Все заключенные, садившиеся возле меня, хотели показать, что я им до лампочки. Кроме одного типа лет пятидесяти, который очень выделялся на фоне остальных своим удивительно благородным утонченным лицом. Он несколько раз мне бегло улыбнулся и подмигнул, словно мы с ним заодно. Но в чем? Я не знал. Я предположил, что мужик, вероятно, гей, хоть я и не похож на мальчиков, о которых обычно мечтают геи. Среди прочих я приметил двоих парней жутковатого вида. Один мужик, тоже лет пятидесяти, смесь вождя краснокожих и какого-нибудь ирландского дальнобойщика, поражал размерами своей головы (любой шляпник умер бы на месте) и безумным взглядом длинных черных глаз (расходящееся косоглазие сыграло свою роль в завершении образа).

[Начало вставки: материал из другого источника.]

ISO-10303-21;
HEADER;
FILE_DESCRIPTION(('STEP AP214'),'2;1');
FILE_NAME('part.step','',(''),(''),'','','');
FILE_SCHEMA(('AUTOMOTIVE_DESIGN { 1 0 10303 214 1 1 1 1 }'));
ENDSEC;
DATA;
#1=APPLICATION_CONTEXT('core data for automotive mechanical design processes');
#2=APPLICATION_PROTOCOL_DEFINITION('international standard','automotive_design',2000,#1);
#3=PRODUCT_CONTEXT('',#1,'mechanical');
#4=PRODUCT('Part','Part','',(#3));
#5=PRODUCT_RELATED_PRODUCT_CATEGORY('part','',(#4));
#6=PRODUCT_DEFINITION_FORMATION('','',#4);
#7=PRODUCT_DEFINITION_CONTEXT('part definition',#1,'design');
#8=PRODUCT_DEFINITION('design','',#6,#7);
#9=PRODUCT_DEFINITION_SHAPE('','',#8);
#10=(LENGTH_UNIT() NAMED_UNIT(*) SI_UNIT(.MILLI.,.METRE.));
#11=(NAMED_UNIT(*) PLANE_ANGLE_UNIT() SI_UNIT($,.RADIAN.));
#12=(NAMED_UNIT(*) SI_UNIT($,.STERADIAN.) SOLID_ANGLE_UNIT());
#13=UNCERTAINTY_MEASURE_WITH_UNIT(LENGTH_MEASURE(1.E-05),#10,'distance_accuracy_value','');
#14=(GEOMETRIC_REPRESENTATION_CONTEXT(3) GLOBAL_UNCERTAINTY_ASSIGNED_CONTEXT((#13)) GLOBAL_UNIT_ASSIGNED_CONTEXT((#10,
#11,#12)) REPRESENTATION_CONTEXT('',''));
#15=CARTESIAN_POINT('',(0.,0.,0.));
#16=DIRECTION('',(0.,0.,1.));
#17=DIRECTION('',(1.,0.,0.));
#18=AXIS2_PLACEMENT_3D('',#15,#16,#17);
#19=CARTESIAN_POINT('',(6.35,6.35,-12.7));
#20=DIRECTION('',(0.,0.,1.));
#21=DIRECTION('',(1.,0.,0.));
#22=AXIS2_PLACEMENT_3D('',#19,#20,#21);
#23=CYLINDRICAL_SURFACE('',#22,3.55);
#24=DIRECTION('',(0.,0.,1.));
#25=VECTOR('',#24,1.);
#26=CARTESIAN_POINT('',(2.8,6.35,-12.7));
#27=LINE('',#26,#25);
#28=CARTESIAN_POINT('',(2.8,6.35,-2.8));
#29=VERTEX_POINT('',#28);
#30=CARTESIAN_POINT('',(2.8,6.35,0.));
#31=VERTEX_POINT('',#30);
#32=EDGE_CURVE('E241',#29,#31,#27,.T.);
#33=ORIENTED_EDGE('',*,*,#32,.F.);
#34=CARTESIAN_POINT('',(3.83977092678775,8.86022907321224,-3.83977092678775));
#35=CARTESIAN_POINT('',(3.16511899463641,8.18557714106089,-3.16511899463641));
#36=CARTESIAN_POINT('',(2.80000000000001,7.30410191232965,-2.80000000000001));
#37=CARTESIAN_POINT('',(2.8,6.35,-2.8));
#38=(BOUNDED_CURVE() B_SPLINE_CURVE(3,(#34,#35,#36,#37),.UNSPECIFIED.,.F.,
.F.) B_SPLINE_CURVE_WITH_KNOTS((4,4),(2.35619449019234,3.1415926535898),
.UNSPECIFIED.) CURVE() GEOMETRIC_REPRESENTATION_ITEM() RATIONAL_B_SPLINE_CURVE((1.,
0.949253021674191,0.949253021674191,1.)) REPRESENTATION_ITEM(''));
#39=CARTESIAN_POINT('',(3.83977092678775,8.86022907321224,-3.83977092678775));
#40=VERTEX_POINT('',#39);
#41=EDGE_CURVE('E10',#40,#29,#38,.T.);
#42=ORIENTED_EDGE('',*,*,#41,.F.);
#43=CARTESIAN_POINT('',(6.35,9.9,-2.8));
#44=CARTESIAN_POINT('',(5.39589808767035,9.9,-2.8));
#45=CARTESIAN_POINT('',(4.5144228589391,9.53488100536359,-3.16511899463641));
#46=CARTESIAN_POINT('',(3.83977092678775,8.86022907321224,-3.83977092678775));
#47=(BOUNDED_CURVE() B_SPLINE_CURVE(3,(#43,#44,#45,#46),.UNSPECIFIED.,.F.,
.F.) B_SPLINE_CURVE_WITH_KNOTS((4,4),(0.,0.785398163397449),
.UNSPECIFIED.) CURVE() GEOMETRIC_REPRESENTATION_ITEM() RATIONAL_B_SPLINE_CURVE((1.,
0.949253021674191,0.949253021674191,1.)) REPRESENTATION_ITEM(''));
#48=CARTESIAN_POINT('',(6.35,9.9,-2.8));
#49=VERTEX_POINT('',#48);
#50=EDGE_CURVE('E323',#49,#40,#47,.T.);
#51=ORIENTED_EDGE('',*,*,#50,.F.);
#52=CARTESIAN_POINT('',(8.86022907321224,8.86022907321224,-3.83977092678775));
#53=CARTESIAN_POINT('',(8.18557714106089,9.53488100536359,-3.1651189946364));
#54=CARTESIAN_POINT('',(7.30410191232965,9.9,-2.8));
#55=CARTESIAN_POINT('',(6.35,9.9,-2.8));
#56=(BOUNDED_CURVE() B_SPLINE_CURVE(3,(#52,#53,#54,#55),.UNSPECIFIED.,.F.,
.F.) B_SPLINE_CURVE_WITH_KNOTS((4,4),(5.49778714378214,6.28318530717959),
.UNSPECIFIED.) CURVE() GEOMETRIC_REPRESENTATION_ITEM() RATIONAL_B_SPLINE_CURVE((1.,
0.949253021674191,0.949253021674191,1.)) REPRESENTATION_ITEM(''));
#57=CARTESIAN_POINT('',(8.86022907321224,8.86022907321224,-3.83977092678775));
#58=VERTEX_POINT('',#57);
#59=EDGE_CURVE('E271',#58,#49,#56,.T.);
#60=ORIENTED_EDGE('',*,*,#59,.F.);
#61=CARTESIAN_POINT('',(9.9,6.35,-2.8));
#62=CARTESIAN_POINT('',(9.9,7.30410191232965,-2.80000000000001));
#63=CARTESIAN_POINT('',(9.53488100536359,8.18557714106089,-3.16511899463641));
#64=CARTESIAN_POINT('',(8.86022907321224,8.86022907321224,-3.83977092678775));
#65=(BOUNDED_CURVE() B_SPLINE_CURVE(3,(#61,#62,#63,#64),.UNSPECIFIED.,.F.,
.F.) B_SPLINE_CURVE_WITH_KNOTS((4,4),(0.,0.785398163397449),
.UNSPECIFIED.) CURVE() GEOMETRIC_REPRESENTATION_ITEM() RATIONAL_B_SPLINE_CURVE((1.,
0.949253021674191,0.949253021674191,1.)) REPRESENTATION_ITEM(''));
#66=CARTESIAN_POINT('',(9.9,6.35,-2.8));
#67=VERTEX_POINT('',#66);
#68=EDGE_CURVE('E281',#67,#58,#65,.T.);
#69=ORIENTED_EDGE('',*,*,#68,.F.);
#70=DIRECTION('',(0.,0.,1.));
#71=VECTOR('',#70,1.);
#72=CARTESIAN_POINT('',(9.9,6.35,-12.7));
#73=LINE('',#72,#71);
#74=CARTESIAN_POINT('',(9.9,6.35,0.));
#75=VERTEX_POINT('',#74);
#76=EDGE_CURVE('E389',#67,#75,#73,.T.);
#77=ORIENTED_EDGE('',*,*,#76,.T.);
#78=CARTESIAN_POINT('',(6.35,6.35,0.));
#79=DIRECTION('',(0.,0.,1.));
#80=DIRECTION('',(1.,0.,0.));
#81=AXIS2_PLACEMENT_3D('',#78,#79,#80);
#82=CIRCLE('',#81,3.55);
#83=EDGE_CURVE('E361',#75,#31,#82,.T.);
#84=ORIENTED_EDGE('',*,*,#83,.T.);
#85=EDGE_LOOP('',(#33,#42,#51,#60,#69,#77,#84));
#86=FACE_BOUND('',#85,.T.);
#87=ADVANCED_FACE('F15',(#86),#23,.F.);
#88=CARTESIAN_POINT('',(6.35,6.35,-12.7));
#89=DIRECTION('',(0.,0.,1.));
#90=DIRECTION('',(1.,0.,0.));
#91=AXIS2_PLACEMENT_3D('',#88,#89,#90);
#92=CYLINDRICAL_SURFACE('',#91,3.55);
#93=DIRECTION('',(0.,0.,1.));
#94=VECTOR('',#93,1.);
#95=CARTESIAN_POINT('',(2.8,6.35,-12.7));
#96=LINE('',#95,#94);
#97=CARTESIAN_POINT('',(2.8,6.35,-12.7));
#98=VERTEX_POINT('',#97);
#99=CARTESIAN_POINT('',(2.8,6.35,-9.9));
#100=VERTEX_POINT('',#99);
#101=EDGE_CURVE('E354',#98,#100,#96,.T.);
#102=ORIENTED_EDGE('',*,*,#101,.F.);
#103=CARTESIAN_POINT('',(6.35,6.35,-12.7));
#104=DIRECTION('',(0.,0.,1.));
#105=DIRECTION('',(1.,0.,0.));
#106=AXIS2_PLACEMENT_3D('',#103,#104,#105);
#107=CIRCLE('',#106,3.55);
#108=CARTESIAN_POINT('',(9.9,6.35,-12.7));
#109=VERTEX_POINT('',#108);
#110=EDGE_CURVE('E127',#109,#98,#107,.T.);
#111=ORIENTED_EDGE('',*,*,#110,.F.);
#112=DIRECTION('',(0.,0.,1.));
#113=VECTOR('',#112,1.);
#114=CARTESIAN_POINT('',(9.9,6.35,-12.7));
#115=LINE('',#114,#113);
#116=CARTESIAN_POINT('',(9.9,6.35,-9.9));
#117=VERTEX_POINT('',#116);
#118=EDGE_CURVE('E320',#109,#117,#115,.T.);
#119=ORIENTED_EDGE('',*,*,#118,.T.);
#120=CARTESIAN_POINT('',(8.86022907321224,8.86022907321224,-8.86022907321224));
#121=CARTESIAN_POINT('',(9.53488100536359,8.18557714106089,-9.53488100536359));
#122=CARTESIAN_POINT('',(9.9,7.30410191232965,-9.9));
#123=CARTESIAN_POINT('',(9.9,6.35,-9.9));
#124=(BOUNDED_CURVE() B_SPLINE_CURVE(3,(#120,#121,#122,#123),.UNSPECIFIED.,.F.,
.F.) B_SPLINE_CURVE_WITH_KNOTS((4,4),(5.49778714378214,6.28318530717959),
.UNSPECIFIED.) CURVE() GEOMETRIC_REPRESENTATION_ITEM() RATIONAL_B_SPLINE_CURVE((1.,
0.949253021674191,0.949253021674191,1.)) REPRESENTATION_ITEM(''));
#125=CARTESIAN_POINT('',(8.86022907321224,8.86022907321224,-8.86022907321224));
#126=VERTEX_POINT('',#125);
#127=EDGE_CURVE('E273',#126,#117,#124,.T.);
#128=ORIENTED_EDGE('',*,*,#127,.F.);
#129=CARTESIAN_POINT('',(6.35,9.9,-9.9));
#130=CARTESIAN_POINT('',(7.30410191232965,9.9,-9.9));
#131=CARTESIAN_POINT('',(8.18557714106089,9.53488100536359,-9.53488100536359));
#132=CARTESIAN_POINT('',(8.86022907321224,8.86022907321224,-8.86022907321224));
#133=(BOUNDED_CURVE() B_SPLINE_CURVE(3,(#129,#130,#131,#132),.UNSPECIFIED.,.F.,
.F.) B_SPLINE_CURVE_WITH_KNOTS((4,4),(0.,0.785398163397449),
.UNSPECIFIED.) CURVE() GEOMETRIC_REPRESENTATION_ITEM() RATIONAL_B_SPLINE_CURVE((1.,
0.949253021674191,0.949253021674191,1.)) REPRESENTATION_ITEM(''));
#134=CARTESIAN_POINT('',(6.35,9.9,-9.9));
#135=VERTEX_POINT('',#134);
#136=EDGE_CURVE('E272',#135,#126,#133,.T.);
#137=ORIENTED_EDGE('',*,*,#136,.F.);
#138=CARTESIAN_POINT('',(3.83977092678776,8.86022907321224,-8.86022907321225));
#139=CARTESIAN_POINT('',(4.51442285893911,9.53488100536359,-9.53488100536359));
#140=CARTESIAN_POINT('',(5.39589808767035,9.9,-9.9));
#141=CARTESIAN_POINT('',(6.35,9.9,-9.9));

Кормили нормально. Лучше, чем в тюрьме, – хотя, наверное, хуже, чем в тюрьме, не бывает. Никто со мной не разговаривал, но я чувствовал, что многие сгорали от любопытства: для своего возраста я слишком быстро попал в психушку да еще в блок для особо опасных преступников. Передо мной уселся тощий парнишка, уродливый до такой степени, словно небеса над ним поглумились. Его тело ходило ходуном, а лицо искажала гримаса. Примерно каждые полминуты он скалился, как дикий зверь. Судя по лысине, волос у него не было никогда. Что-то явно препятствовало их росту. Парень хотел со мной заговорить, но у него не получалось. После каждой неудачной попытки он вытирал лоб. Слюни в уголках его губ вызвали у меня тошноту, я уставился в свою тарелку, чтобы спокойно доесть ужин.
Когда я не хочу на кого-то смотреть, я поднимаю голову и нахожу точку, на которой сосредотачиваюсь. Это мое преимущество. Пользуясь военной метафорой отца, скажу, что я отыскиваю воздушный коридор, где скрываюсь от обстрела. Отец всегда так делал, он тоже отличался немалым ростом. Я даже наблюдал за ним во время этого занятия, когда мать принималась орать как умалишенная. Он стоял, опершись спиной о стену, сложив руки на груди и глядя в никуда.
Я злился на то, что после ареста он ни разу со мной не говорил. С матерью всё иначе: она, наверное, и правда в ярости. Она не хотела приехать, потому что пришлось бы объяснять коллегам, куда и зачем. Я даже не уверен, что она сказала моим сестрам. А если и сказала – представляю себе разговорчик. Толстушки возвращаются домой, одна – с работы, другая – из школы. Мать садится чистить картошку. На горячей сковороде стрекочет масло. Дочери здороваются с матерью. Без объятий. В гостиной сидит новый мамин мужик. Читает газету. Он в тапочках. Ему жарко. Но без тапочек мать не пустила бы его на свою территорию. Не могу его описать, я уже уехал, когда он занял место отца.